For the last few years, a British public relations firm hired by Kentucky's Department of Travel and Tourism has been managing a website touting our great state. Last December, they added a little something new to the site. Well...
Just read below.
Drives can drag a bit, even with the jingle jangle of the banjo on the bluegrass-playing radio stations, so it’s good to spice them up with fun car games...
One popular game for long-distance trips is ‘roadkill bingo. OK, it seems a bit sick, spotting dead animals, but you will never see so much roadkill in your life, and so varied. Sadly, roadkill is a fact of life in Kentucky. The locals are used to it, and as they say, when in Rome. ... So if you can get over the sadness, and the blood, give it a whirl...
This is not from the tourism website. It's just something I found on the internets.
For the jackpot, however, it has to be a skunk; 10 points. Not because they are rare — they are not — but because when you drive slowly over a freshly killed one, it absolutely stinks. If you have the windows open or the sunroof up, award double points because the smell is overpowering. With the windows down you are at one with nature for some time: the smell — and it's as bad as the cartoons make out — stays in your car for up to five miles.Needless today, the firm was fired and the tourism commissioner, Mike Cooper, has resigned his post. You can read more from nky.com here.

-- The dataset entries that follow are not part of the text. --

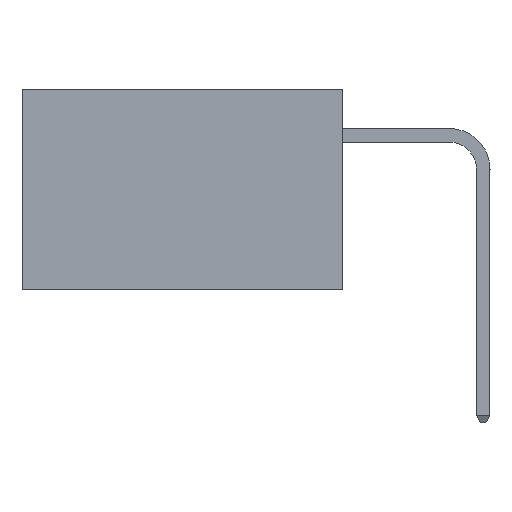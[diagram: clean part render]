
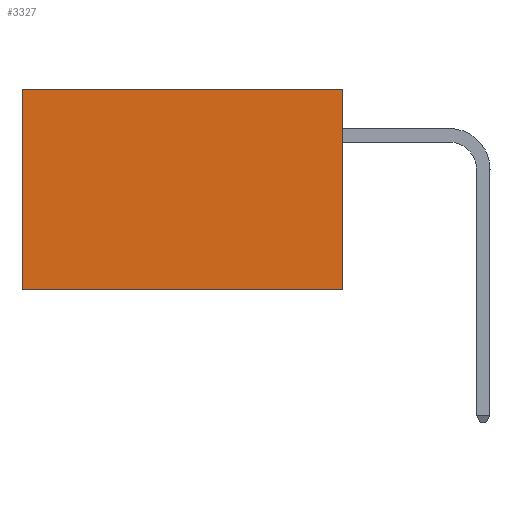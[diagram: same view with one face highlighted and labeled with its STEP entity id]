
A CAD part, left-side view. The second image highlights one B-rep face of the part: STEP entity #3327.
In plain terms, the highlighted planar face has unit normal (-1, 0, 0).
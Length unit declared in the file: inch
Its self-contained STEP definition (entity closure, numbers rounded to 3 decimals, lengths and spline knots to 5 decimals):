
#2162 = VECTOR ( 'NONE', #25310, 39.37008 ) ;
#2537 = PLANE ( 'NONE',  #24737 ) ;
#2591 = CARTESIAN_POINT ( 'NONE',  ( 0.277, 0., -0.37 ) ) ;
#2673 = VERTEX_POINT ( 'NONE', #18216 ) ;
#2741 = ORIENTED_EDGE ( 'NONE', *, *, #7589, .T. ) ;
#3277 = CARTESIAN_POINT ( 'NONE',  ( 0.277, 0.59, 0. ) ) ;
#3327 = ADVANCED_FACE ( 'NONE', ( #21570 ), #2537, .F. ) ;
#4273 = DIRECTION ( 'NONE',  ( 0., 0., -1. ) ) ;
#4736 = DIRECTION ( 'NONE',  ( 1., 0., 0. ) ) ;
#5530 = VECTOR ( 'NONE', #22245, 39.37008 ) ;
#7589 = EDGE_CURVE ( 'NONE', #8143, #15412, #8926, .T. ) ;
#8143 = VERTEX_POINT ( 'NONE', #12868 ) ;
#8926 = LINE ( 'NONE', #30253, #21163 ) ;
#12040 = LINE ( 'NONE', #2591, #5530 ) ;
#12216 = DIRECTION ( 'NONE',  ( 0., 0., -1. ) ) ;
#12868 = CARTESIAN_POINT ( 'NONE',  ( 0.277, 0., 0. ) ) ;
#13558 = CARTESIAN_POINT ( 'NONE',  ( 0.277, 0., -0.37 ) ) ;
#14288 = ORIENTED_EDGE ( 'NONE', *, *, #26707, .F. ) ;
#15056 = ORIENTED_EDGE ( 'NONE', *, *, #20023, .F. ) ;
#15412 = VERTEX_POINT ( 'NONE', #3277 ) ;
#16589 = EDGE_CURVE ( 'NONE', #15412, #2673, #23389, .T. ) ;
#18216 = CARTESIAN_POINT ( 'NONE',  ( 0.277, 0.59, -0.37 ) ) ;
#18251 = DIRECTION ( 'NONE',  ( 0., 1., 0. ) ) ;
#20023 = EDGE_CURVE ( 'NONE', #8143, #30665, #21016, .T. ) ;
#21016 = LINE ( 'NONE', #22916, #2162 ) ;
#21163 = VECTOR ( 'NONE', #18251, 39.37008 ) ;
#21570 = FACE_OUTER_BOUND ( 'NONE', #22761, .T. ) ;
#22245 = DIRECTION ( 'NONE',  ( 0., 1., 0. ) ) ;
#22761 = EDGE_LOOP ( 'NONE', ( #30532, #14288, #15056, #2741 ) ) ;
#22916 = CARTESIAN_POINT ( 'NONE',  ( 0.277, 0., -0.37 ) ) ;
#23389 = LINE ( 'NONE', #24388, #29741 ) ;
#24388 = CARTESIAN_POINT ( 'NONE',  ( 0.277, 0.59, -0.37 ) ) ;
#24737 = AXIS2_PLACEMENT_3D ( 'NONE', #29941, #4736, #4273 ) ;
#25310 = DIRECTION ( 'NONE',  ( 0., 0., -1. ) ) ;
#26707 = EDGE_CURVE ( 'NONE', #30665, #2673, #12040, .T. ) ;
#29741 = VECTOR ( 'NONE', #12216, 39.37008 ) ;
#29941 = CARTESIAN_POINT ( 'NONE',  ( 0.277, 0., -0.37 ) ) ;
#30253 = CARTESIAN_POINT ( 'NONE',  ( 0.277, 0., 0. ) ) ;
#30532 = ORIENTED_EDGE ( 'NONE', *, *, #16589, .T. ) ;
#30665 = VERTEX_POINT ( 'NONE', #13558 ) ;

In a 2010 email, Cooper wrote of the PR firm's work, ‘I really like the site, especially the edginess of it. I wish we could get away with that over here!"
This article from the UK's Daily Mail follows that quote with:
Clearly, that ‘edginess’ is not accepted in Kentucky, and the state’s Republican leader spoke out about the great expense that the ordeal cost them.Ugh. I know roadkill bingo does not provide a flattering portrait of the varied wildlife and acres of lovely habitat in the Bluegrass State. But we're Kentucky. We're used to jokes about dead skunks and Dueling Banjos. None of that bothers me. I grew up here, I get the joke.
"The fact that the state of Kentucky has spent close to $700,000 with a company that wants to bill us as the Roadkill Grill is just a ridiculous example of how we waste taxpayer dollars in Frankfort," said Steve Robertson, chairman of the state’s GOP group.
What bothers me is the insinuation that we don't get the joke. That "'edginess' is not accepted in Kentucky," and that we're so backwards, we don't even know how backwards we are.
A stereotype joke that is more delicious than roadkill. Taken at a friend's party.
One of my favorite aspects of Kentuckians is their sense of humor. We'll play the stereotype, the "happy hillbilly or the mean old redneck," as Callie likes to say. But we do it with our tongues in our toothless cheeks. Joke. That's a joke.
And if a British PR firm thinks that more people will want to visit us to see for themselves the mountain of dead animals clogging our rural byways, let 'em.
Because, hell. We get the joke.
I had a lively comment typed up but technology is so bad and deleted it.
ReplyDeleteAnyway the gist of it was is that I do agree with you. The joking is fine and it is when people assume that rural folks don't get the joke is the problem. That is why I don't like the "white trash" parties common in some circles. The "irony" is offensive. We can argue that foreve if you like but you won't change my mind. It is all about intent
And now for the road kill. While disgusting, it does not offend me. They're not saying we eat it - which is what the aprons in Rabbit Hash suggest. And this game could easily be played ANYWHERE. Traveling across the country will teach you that. It is a great way to safely see the wildlife native to an area. I think all the armadillos I've ever seen in real life were on the side of a road...
And I blame all the above typos on the fact that I'm on my phone and it won't let me edit.